# Age yourself with a Store



## Hooked (12/4/21)

​


----------



## Hooked (12/4/21)

Stuttafords

Reactions: Like 3


----------



## Grand Guru (12/4/21)

Armani


----------



## Mr. B (12/4/21)

Markham when it was "Markhams" and had an in-house tailor on the premises

Reactions: Like 1


----------



## Stranger (12/4/21)

The mom and pop shop on the corner of our street.

You could buy singles over the counter, regardless of your age and you could get a pack of ten No 10 and a 1/2 pence book of matches for the ten pence you were supposed to put in the church collection box.


They would also swap your pop bottle returns for smokes.

Reactions: Like 2


----------



## Gadgetboy (12/4/21)

Reggies toy store. Remember the excitement when the parents went to the mall and I could go brows around.
Another one would be Stax. I remember my brother and I being literally dragged away by my Father from the TV Game stand they had up.


----------



## OnePowerfulCorsa (12/4/21)

Mr Video 
OK Bazaars

Reactions: Like 1


----------



## Dela Rey Steyn (12/4/21)

I think the only person that will get this is @BaD Mountain : Busy Bee! The smell when you entered and the best ice-cream ever, childhood memories!

Reactions: Funny 2


----------



## BaD Mountain (12/4/21)

Dela Rey Steyn said:


> I think the only person that will get this is @BaD Mountain : Busy Bee! The smell when you entered and the best ice-cream ever, childhood memories!




#TrotsUpington

Reactions: Winner 1


----------



## Puff the Magic Dragon (12/4/21)

_The thread title really confused me.


*Store* :noun_

1.
a quantity or supply of something kept for use as needed.
"the squirrel has *a store of* food"

Similar:
supply
stock
stock of wine
stockpile
reserve
cache
hoard
accumulation
2.
*NORTH AMERICAN*
a shop of any size or kind.
"a health-food store"


----------



## AKS (12/4/21)

John Orr’s & Garlicks.


----------



## zadiac (12/4/21)

"Pick n Pay hypermarket, bring your car, you can park it. What a great place for you to shop!"

Yeah, I'm old.

Reactions: Like 1 | Funny 2


----------



## Stranger (13/4/21)

Good Morning Zadiac


----------



## DarthBranMuffin (13/4/21)

Oh gosh @zadiac , that now brings back a few of those... 
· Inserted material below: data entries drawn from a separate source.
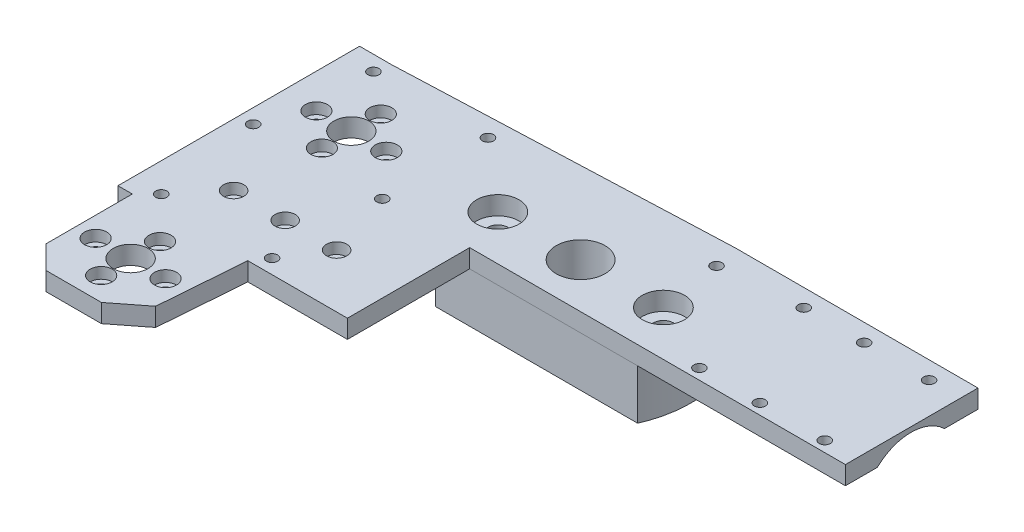
from build123d import *
from build123d.topology import SkipClean

# Parameters (mm, degrees)
BOSS_EXTRUDE2_DEPTH      = 5
BOSS_EXTRUDE3_DEPTH      = 7.754729404
CHAMFER1_SIZE            = 5
CUT_EXTRUDE1_REACH       = 141.557
SKETCH3_R                = 1.25
SKETCH3_R_2              = 4.75
SKETCH3_R_3              = 1.5
CUT_EXTRUDE2_REACH       = 141.924
SKETCH4_R                = 6.631653289
SKETCH5_R                = 1.5
SKETCH5_R_2              = 1.25
CUT_EXTRUDE3_DEPTH       = 5
SKETCH6_R                = 3.491700942
CUT_EXTRUDE4_DEPTH       = 16
SKETCH7_R                = 3
SKETCH7_R_2              = 2.75
SKETCH7_R_3              = 5.75
CUT_EXTRUDE5_DEPTH       = 3
SKETCH8_R                = 5.75
SKETCH8_R_2              = 2.75
CUT_EXTRUDE6_DEPTH       = 2
SKETCH9_R                = 2.75
SKETCH9_R_2              = 6.631653289
BOSS_EXTRUDE4_DEPTH      = 6
SKETCH_2_W               = 117.397038357
SKETCH_2_H               = 38.743798428
CUT_EXTRUDE_1_DEPTH      = 10
CUT_EXTRUDE_2_DEPTH      = 4
CUT_EXTRUDE_2_DEPTH_BACK = 67
SKETCH_3_R               = 13.2
SKETCH_4_R               = 1.5
CUT_EXTRUDE_3_DEPTH      = 141.019029031


with BuildPart() as part:
    # Sketch1 → Boss-Extrude2 (new body)
    with BuildSketch(Plane(origin=(0, 5, 0), x_dir=(1, 0, 0), z_dir=(0, 1, 0))):
        Polygon((-59.07123662, -89.170861083), (-52.784617119, -95.434905202), (-37.7519372, -95.434905202), (-29.475784547, -88.962915789), (-27.671734368, -65.713921864), (18.946867386, -65.713921864), (44.47116766, -32.695405711), (101.529871362, -32.695405711), (101.529871362, 3.549485717), (35.581177978, 3.549485717), (-54.339944406, -0.035926105), (-62.97271212, -0.035926105), (-62.97271212, -65.713921864), (-59.07123662, -65.713921864), align=None)
    extrude(amount=-BOSS_EXTRUDE2_DEPTH)

    # Sketch2 → Boss-Extrude3 (add)
    with BuildSketch(Plane.XZ):
        with BuildLine():
            Line((-10.176598849, 8.251513657), (44.814309491, 8.251513657))
            ThreePointArc((44.814309491, 8.251513657), (46.686044709, 14.122224346), (47.318855321, 20.251513657))
            ThreePointArc((47.318855321, 20.251513657), (46.686044709, 26.380802967), (44.814309491, 32.251513657))
            Line((44.814309491, 32.251513657), (-10.176598849, 32.251513657))
            ThreePointArc((-10.176598849, 32.251513657), (-12.681144679, 20.251513657), (-10.176598849, 8.251513657))
        make_face()
    extrude(amount=BOSS_EXTRUDE3_DEPTH)

    # Chamfer1
    chamfer1_edges = [part.edges().sort_by_distance(p)[0] for p in [
        (-12.681144679, 0, 20.251513657),
        (17.318855321, 0, 8.251513657),
    ]]
    chamfer(chamfer1_edges, length=CHAMFER1_SIZE)

    # Sketch3 → Cut-Extrude1 (cut, up to next)
    with BuildSketch(Plane.XZ, mode=Mode.PRIVATE) as cut_extrude1_sk1:
        with Locations(Location((-18.116122786, 51.13040511, 0), (0, 0, 270))):
            Circle(SKETCH3_R)
    cut_extrude1_tool1 = extrude(cut_extrude1_sk1.sketch, amount=-CUT_EXTRUDE1_REACH, mode=Mode.PRIVATE) & part.part
    # Sketch3 → Cut-Extrude1 (cut, up to next)
    with BuildSketch(Plane.XZ, mode=Mode.PRIVATE) as cut_extrude1_sk2:
        with Locations(Location((-32.116122786, 51.13040511, 0), (0, 0, 270))):
            Circle(SKETCH3_R)
    cut_extrude1_tool2 = extrude(cut_extrude1_sk2.sketch, amount=-CUT_EXTRUDE1_REACH, mode=Mode.PRIVATE) & part.part
    # Sketch3 → Cut-Extrude1 (cut, up to next)
    with BuildSketch(Plane.XZ, mode=Mode.PRIVATE) as cut_extrude1_sk3:
        with Locations(Location((-46.116122786, 51.13040511, 0), (0, 0, 270))):
            Circle(SKETCH3_R)
    cut_extrude1_tool3 = extrude(cut_extrude1_sk3.sketch, amount=-CUT_EXTRUDE1_REACH, mode=Mode.PRIVATE) & part.part
    # Sketch3 → Cut-Extrude1 (cut, up to next)
    with BuildSketch(Plane.XZ, mode=Mode.PRIVATE) as cut_extrude1_sk4:
        with Locations(Location((-44.116122786, 21.13040511, 0), (0, 0, 270))):
            Circle(SKETCH3_R_2)
    cut_extrude1_tool4 = extrude(cut_extrude1_sk4.sketch, amount=-CUT_EXTRUDE1_REACH, mode=Mode.PRIVATE) & part.part
    # Sketch3 → Cut-Extrude1 (cut, up to next)
    with BuildSketch(Plane.XZ, mode=Mode.PRIVATE) as cut_extrude1_sk5:
        with Locations(Location((-44.116122786, 81.13040511, 0), (0, 0, 270))):
            Circle(SKETCH3_R_2)
    cut_extrude1_tool5 = extrude(cut_extrude1_sk5.sketch, amount=-CUT_EXTRUDE1_REACH, mode=Mode.PRIVATE) & part.part
    # Sketch3 → Cut-Extrude1 (cut, up to next)
    with BuildSketch(Plane.XZ, mode=Mode.PRIVATE) as cut_extrude1_sk6:
        with Locations(Location((-34.616122786, 81.13040511, 0), (0, 0, 270))):
            Circle(SKETCH3_R_3)
    cut_extrude1_tool6 = extrude(cut_extrude1_sk6.sketch, amount=-CUT_EXTRUDE1_REACH, mode=Mode.PRIVATE) & part.part
    # Sketch3 → Cut-Extrude1 (cut, up to next)
    with BuildSketch(Plane.XZ, mode=Mode.PRIVATE) as cut_extrude1_sk7:
        with Locations(Location((-44.116122786, 73.13040511, 0), (0, 0, 270))):
            Circle(SKETCH3_R_3)
    cut_extrude1_tool7 = extrude(cut_extrude1_sk7.sketch, amount=-CUT_EXTRUDE1_REACH, mode=Mode.PRIVATE) & part.part
    # Sketch3 → Cut-Extrude1 (cut, up to next)
    with BuildSketch(Plane.XZ, mode=Mode.PRIVATE) as cut_extrude1_sk8:
        with Locations(Location((-53.616122786, 81.13040511, 0), (0, 0, 270))):
            Circle(SKETCH3_R_3)
    cut_extrude1_tool8 = extrude(cut_extrude1_sk8.sketch, amount=-CUT_EXTRUDE1_REACH, mode=Mode.PRIVATE) & part.part
    # Sketch3 → Cut-Extrude1 (cut, up to next)
    with BuildSketch(Plane.XZ, mode=Mode.PRIVATE) as cut_extrude1_sk9:
        with Locations(Location((-44.116122786, 89.13040511, 0), (0, 0, 270))):
            Circle(SKETCH3_R_3)
    cut_extrude1_tool9 = extrude(cut_extrude1_sk9.sketch, amount=-CUT_EXTRUDE1_REACH, mode=Mode.PRIVATE) & part.part
    # Sketch3 → Cut-Extrude1 (cut, up to next)
    with BuildSketch(Plane.XZ, mode=Mode.PRIVATE) as cut_extrude1_sk10:
        with Locations(Location((-53.616122786, 21.13040511, 0), (0, 0, 270))):
            Circle(SKETCH3_R_3)
    cut_extrude1_tool10 = extrude(cut_extrude1_sk10.sketch, amount=-CUT_EXTRUDE1_REACH, mode=Mode.PRIVATE) & part.part
    # Sketch3 → Cut-Extrude1 (cut, up to next)
    with BuildSketch(Plane.XZ, mode=Mode.PRIVATE) as cut_extrude1_sk11:
        with Locations(Location((-44.116122786, 13.13040511, 0), (0, 0, 270))):
            Circle(SKETCH3_R_3)
    cut_extrude1_tool11 = extrude(cut_extrude1_sk11.sketch, amount=-CUT_EXTRUDE1_REACH, mode=Mode.PRIVATE) & part.part
    # Sketch3 → Cut-Extrude1 (cut, up to next)
    with BuildSketch(Plane.XZ, mode=Mode.PRIVATE) as cut_extrude1_sk12:
        with Locations(Location((-34.616122786, 21.13040511, 0), (0, 0, 270))):
            Circle(SKETCH3_R_3)
    cut_extrude1_tool12 = extrude(cut_extrude1_sk12.sketch, amount=-CUT_EXTRUDE1_REACH, mode=Mode.PRIVATE) & part.part
    # Sketch3 → Cut-Extrude1 (cut, up to next)
    with BuildSketch(Plane.XZ, mode=Mode.PRIVATE) as cut_extrude1_sk13:
        with Locations(Location((-44.116122786, 29.13040511, 0), (0, 0, 270))):
            Circle(SKETCH3_R_3)
    cut_extrude1_tool13 = extrude(cut_extrude1_sk13.sketch, amount=-CUT_EXTRUDE1_REACH, mode=Mode.PRIVATE) & part.part
    add(cut_extrude1_tool1.solids().sort_by_distance((-18.116123, 0, 51.130405))[0], mode=Mode.SUBTRACT)
    add(cut_extrude1_tool2.solids().sort_by_distance((-32.116123, 0, 51.130405))[0], mode=Mode.SUBTRACT)
    add(cut_extrude1_tool3.solids().sort_by_distance((-46.116123, 0, 51.130405))[0], mode=Mode.SUBTRACT)
    add(cut_extrude1_tool4.solids().sort_by_distance((-44.116123, 0, 21.130405))[0], mode=Mode.SUBTRACT)
    add(cut_extrude1_tool5.solids().sort_by_distance((-44.116123, 0, 81.130405))[0], mode=Mode.SUBTRACT)
    add(cut_extrude1_tool6.solids().sort_by_distance((-34.616123, 0, 81.130405))[0], mode=Mode.SUBTRACT)
    add(cut_extrude1_tool7.solids().sort_by_distance((-44.116123, 0, 73.130405))[0], mode=Mode.SUBTRACT)
    add(cut_extrude1_tool8.solids().sort_by_distance((-53.616123, 0, 81.130405))[0], mode=Mode.SUBTRACT)
    add(cut_extrude1_tool9.solids().sort_by_distance((-44.116123, 0, 89.130405))[0], mode=Mode.SUBTRACT)
    add(cut_extrude1_tool10.solids().sort_by_distance((-53.616123, 0, 21.130405))[0], mode=Mode.SUBTRACT)
    add(cut_extrude1_tool11.solids().sort_by_distance((-44.116123, 0, 13.130405))[0], mode=Mode.SUBTRACT)
    add(cut_extrude1_tool12.solids().sort_by_distance((-34.616123, 0, 21.130405))[0], mode=Mode.SUBTRACT)
    add(cut_extrude1_tool13.solids().sort_by_distance((-44.116123, 0, 29.130405))[0], mode=Mode.SUBTRACT)

    # Sketch4 → Cut-Extrude2 (cut, up to next)
    with BuildSketch(Plane.XZ.offset(7.754729404), mode=Mode.PRIVATE) as cut_extrude2_sk1:
        with Locations((17.318855321, 20.251513657)):
            Circle(SKETCH4_R)
    cut_extrude2_tool1 = extrude(cut_extrude2_sk1.sketch, amount=-CUT_EXTRUDE2_REACH, mode=Mode.PRIVATE) & part.part
    # Sketch4 → Cut-Extrude2 (cut, up to next)
    with BuildSketch(Plane.XZ.offset(7.754729404), mode=Mode.PRIVATE) as cut_extrude2_sk2:
        with BuildLine():
            ThreePointArc((-2.431144679, 20.251513657), (-5.181144679, 23.001513657), (-7.931144679, 20.251513657))
            ThreePointArc((-7.931144679, 20.251513657), (-5.181144679, 17.501513657), (-2.431144679, 20.251513657))
        make_face()
    cut_extrude2_tool2 = extrude(cut_extrude2_sk2.sketch, amount=-CUT_EXTRUDE2_REACH, mode=Mode.PRIVATE) & part.part
    # Sketch4 → Cut-Extrude2 (cut, up to next)
    with BuildSketch(Plane.XZ.offset(7.754729404), mode=Mode.PRIVATE) as cut_extrude2_sk3:
        with BuildLine():
            ThreePointArc((37.068855321, 20.251513657), (39.818855321, 17.501513657), (42.568855321, 20.251513657))
            ThreePointArc((42.568855321, 20.251513657), (39.818855321, 23.001513657), (37.068855321, 20.251513657))
        make_face()
    cut_extrude2_tool3 = extrude(cut_extrude2_sk3.sketch, amount=-CUT_EXTRUDE2_REACH, mode=Mode.PRIVATE) & part.part
    add(cut_extrude2_tool1.solids().sort_by_distance((17.318855, -7.754729, 20.251514))[0], mode=Mode.SUBTRACT)
    add(cut_extrude2_tool2.solids().sort_by_distance((-5.181145, -7.754729, 20.251514))[0], mode=Mode.SUBTRACT)
    add(cut_extrude2_tool3.solids().sort_by_distance((39.818855, -7.754729, 20.251514))[0], mode=Mode.SUBTRACT)

    # Sketch5 → Cut-Extrude3 (cut)
    with BuildSketch(Plane(origin=(0, 0, 0), x_dir=(-1, 0, 0), z_dir=(0, -1, 0))):
        with Locations(Location((55.099934193, -4.140497737, 0), (0, 0, 90))):
            Circle(SKETCH5_R)
        with Locations(Location((59.058385613, -32.874923984, 0), (0, 0, 90))):
            Circle(SKETCH5_R)
        with Locations(Location((23.973639777, -4.140497737, 0), (0, 0, 90))):
            Circle(SKETCH5_R)
        with Locations(Location((23.973639777, -32.874923984, 0), (0, 0, 90))):
            Circle(SKETCH5_R)
        with Locations(Location((-37.259026719, -36.796202548, 0), (0, 0, 90))):
            Circle(SKETCH5_R)
        with Locations(Location((-14.468099575, -36.796202548, 0), (0, 0, 90))):
            Circle(SKETCH5_R)
        with Locations(Location((18.116122786, -51.13040511, 0), (0, 0, 90))):
            Circle(SKETCH5_R_2)
        with Locations(Location((32.116122786, -51.13040511, 0), (0, 0, 90))):
            Circle(SKETCH5_R_2)
        with Locations(Location((46.116122786, -51.13040511, 0), (0, 0, 90))):
            Circle(SKETCH5_R_2)
        with Locations(Location((55.099934193, -61.807320837, 0), (0, 0, 90))):
            Circle(SKETCH5_R)
        with Locations(Location((24.982681883, -61.807320837, 0), (0, 0, 90))):
            Circle(SKETCH5_R)
        with Locations(Location((-16.884070867, -61.807320837, 0), (0, 0, 90))):
            Circle(SKETCH5_R)
        with Locations(Location((-37.259026719, -3.251513657, 0), (0, 0, 90))):
            Circle(SKETCH5_R)
    extrude(amount=-CUT_EXTRUDE3_DEPTH, mode=Mode.SUBTRACT)

    # Sketch6 → Cut-Extrude4 (cut)
    with BuildSketch(Plane.XZ):
        with Locations((37.259026719, 3.251513657)):
            Circle(SKETCH6_R)
    extrude(amount=CUT_EXTRUDE4_DEPTH, mode=Mode.SUBTRACT)

    # Sketch7 → Cut-Extrude5 (cut)
    with BuildSketch(Plane(origin=(0, 5, 0), x_dir=(1, 0, 0), z_dir=(0, 1, 0))):
        with Locations(Location((-44.116122786, -89.13040511, 0), (0, 0, 270))):
            Circle(SKETCH7_R)
        with Locations(Location((-34.616122786, -81.13040511, 0), (0, 0, 270))):
            Circle(SKETCH7_R)
        with Locations(Location((-53.616122786, -81.13040511, 0), (0, 0, 270))):
            Circle(SKETCH7_R)
        with Locations(Location((-44.116122786, -73.13040511, 0), (0, 0, 270))):
            Circle(SKETCH7_R)
        with Locations(Location((-44.116122786, -29.13040511, 0), (0, 0, 270))):
            Circle(SKETCH7_R)
        with Locations(Location((-34.616122786, -21.13040511, 0), (0, 0, 270))):
            Circle(SKETCH7_R)
        with Locations(Location((-53.616122786, -21.13040511, 0), (0, 0, 270))):
            Circle(SKETCH7_R)
        with Locations(Location((-44.116122786, -13.13040511, 0), (0, 0, 270))):
            Circle(SKETCH7_R)
        with Locations(Location((-18.116122786, -51.13040511, 0), (0, 0, 270))):
            Circle(SKETCH7_R_2)
        with Locations(Location((-32.116122786, -51.13040511, 0), (0, 0, 270))):
            Circle(SKETCH7_R_2)
        with Locations(Location((-46.116122786, -51.13040511, 0), (0, 0, 270))):
            Circle(SKETCH7_R_2)
        with Locations(Location((39.818855321, -20.251513657, 0), (0, 0, 270))):
            Circle(SKETCH7_R_3)
        with Locations(Location((-5.181144679, -20.251513657, 0), (0, 0, 270))):
            Circle(SKETCH7_R_3)
    extrude(amount=-CUT_EXTRUDE5_DEPTH, mode=Mode.SUBTRACT)

    # Sketch8 → Cut-Extrude6 (cut)
    # profile 1 of 2: a face of its own
    with BuildSketch(Plane(origin=(0, 2, 0), x_dir=(1, 0, 0), z_dir=(0, 1, 0))):
        with Locations(Location((-5.181144679, -20.251513657, 0), (0, 0, 270))):
            Circle(SKETCH8_R)
        with Locations((-5.181144679, -20.251513657)):
            Circle(SKETCH8_R_2, mode=Mode.SUBTRACT)
    # profile 2 of 2: a face of its own
    with BuildSketch(Plane(origin=(0, 2, 0), x_dir=(1, 0, 0), z_dir=(0, 1, 0))):
        with Locations(Location((39.818855321, -20.251513657, 0), (0, 0, 270))):
            Circle(SKETCH8_R)
        with Locations((39.818855321, -20.251513657)):
            Circle(SKETCH8_R_2, mode=Mode.SUBTRACT)
    extrude(amount=-CUT_EXTRUDE6_DEPTH, mode=Mode.SUBTRACT)

    # Sketch9 → Boss-Extrude4 (add)
    with SkipClean():  # the faces are left unmerged after this step: merging them gives an invalid solid
        with BuildSketch(Plane.XZ.offset(7.754729404)):
            with BuildLine():
                Line((-10.176598849, 8.251513657), (44.814309491, 8.251513657))
                ThreePointArc((44.814309491, 8.251513657), (47.318855321, 20.251513657), (44.814309491, 32.251513657))
                Line((44.814309491, 32.251513657), (-10.176598849, 32.251513657))
                ThreePointArc((-10.176598849, 32.251513657), (-12.681144679, 20.251513657), (-10.176598849, 8.251513657))
            make_face()
            with Locations((-5.181144679, 20.251513657)):
                Circle(SKETCH9_R, mode=Mode.SUBTRACT)
            with Locations((39.818855321, 20.251513657)):
                Circle(SKETCH9_R, mode=Mode.SUBTRACT)
            with Locations((17.318855321, 20.251513657)):
                Circle(SKETCH9_R_2, mode=Mode.SUBTRACT)
        extrude(amount=BOSS_EXTRUDE4_DEPTH)
    add(part.part.scale(1), mode=Mode.REPLACE)  # the faces are merged on a copy

    # 草图2 → 切除-拉伸1 (cut)
    with BuildSketch(Plane(origin=(0, 5, 0), x_dir=(1, 0, 0), z_dir=(0, 1, 0))):
        with Locations((58.095885681, -51.858505896)):
            Rectangle(SKETCH_2_W, SKETCH_2_H)
    extrude(amount=-CUT_EXTRUDE_1_DEPTH, mode=Mode.SUBTRACT)

    # 草图3 → 切除-拉伸2 (cut, two sides: drawn at the far end of the back side and taken through both)
    with BuildSketch(Plane.ZY.offset(-52.22728788).offset(-CUT_EXTRUDE_2_DEPTH_BACK)):
        with Locations((14.680033502, -9.534061002)):
            Circle(SKETCH_3_R)
    extrude(amount=CUT_EXTRUDE_2_DEPTH + CUT_EXTRUDE_2_DEPTH_BACK, mode=Mode.SUBTRACT)

    # 草图4 → 切除-拉伸3 (cut, through all)
    with BuildSketch(Plane.XZ):
        with Locations(Location((75.385488533, 1.248685424, 0), (0, 0, 270))):
            Circle(SKETCH_4_R)
        with Locations(Location((58.961198533, 1.248685424, 0), (0, 0, 270))):
            Circle(SKETCH_4_R)
        with Locations(Location((93.027403988, 1.248685424, 0), (0, 0, 270))):
            Circle(SKETCH_4_R)
        with Locations(Location((93.027403988, 29.597239809, 0), (0, 0, 270))):
            Circle(SKETCH_4_R)
        with Locations(Location((75.385488533, 29.597239809, 0), (0, 0, 270))):
            Circle(SKETCH_4_R)
        with Locations(Location((58.961198533, 29.597239809, 0), (0, 0, 270))):
            Circle(SKETCH_4_R)
    extrude(amount=-CUT_EXTRUDE_3_DEPTH, mode=Mode.SUBTRACT)


solid = part.part

"You've got an uncle in the furniture business..... Joshua Doore... "

&

"...Because Bears Really Cares About Youuuuuuuuuuuu"

Anyone remember going to the Golden Egg restaurant right after Sunday Morning Church when mom didn't remember to put the roast in the oven on Saturday night...

Reactions: Like 2


----------



## DavyH (14/4/21)

So many!

BUT, Springs specifically - 
John Orr
The dreadful old OK with the grocery section in the basement.
Standard Bank with the first escalator on the East Rand  Couldn't get in on a Saturday morning for the queues of kids lined up to ride the new thing.
Any number of corner cafes with their really dodgy owners who would sell cigs to a 12 year old...

Reactions: Like 1 | Winner 1


----------



## DavyH (14/4/21)

zadiac said:


> "Pick n Pay hypermarket, bring your car, you can park it. What a great place for you to shop!"
> 
> Yeah, I'm old.



That was a family excursion...


----------



## ace_d_house_cat (14/4/21)

DavyH said:


> That was a family excursion...



We lived in JHB South, the only big one nearby was in Steeldale.

Reactions: Like 1


----------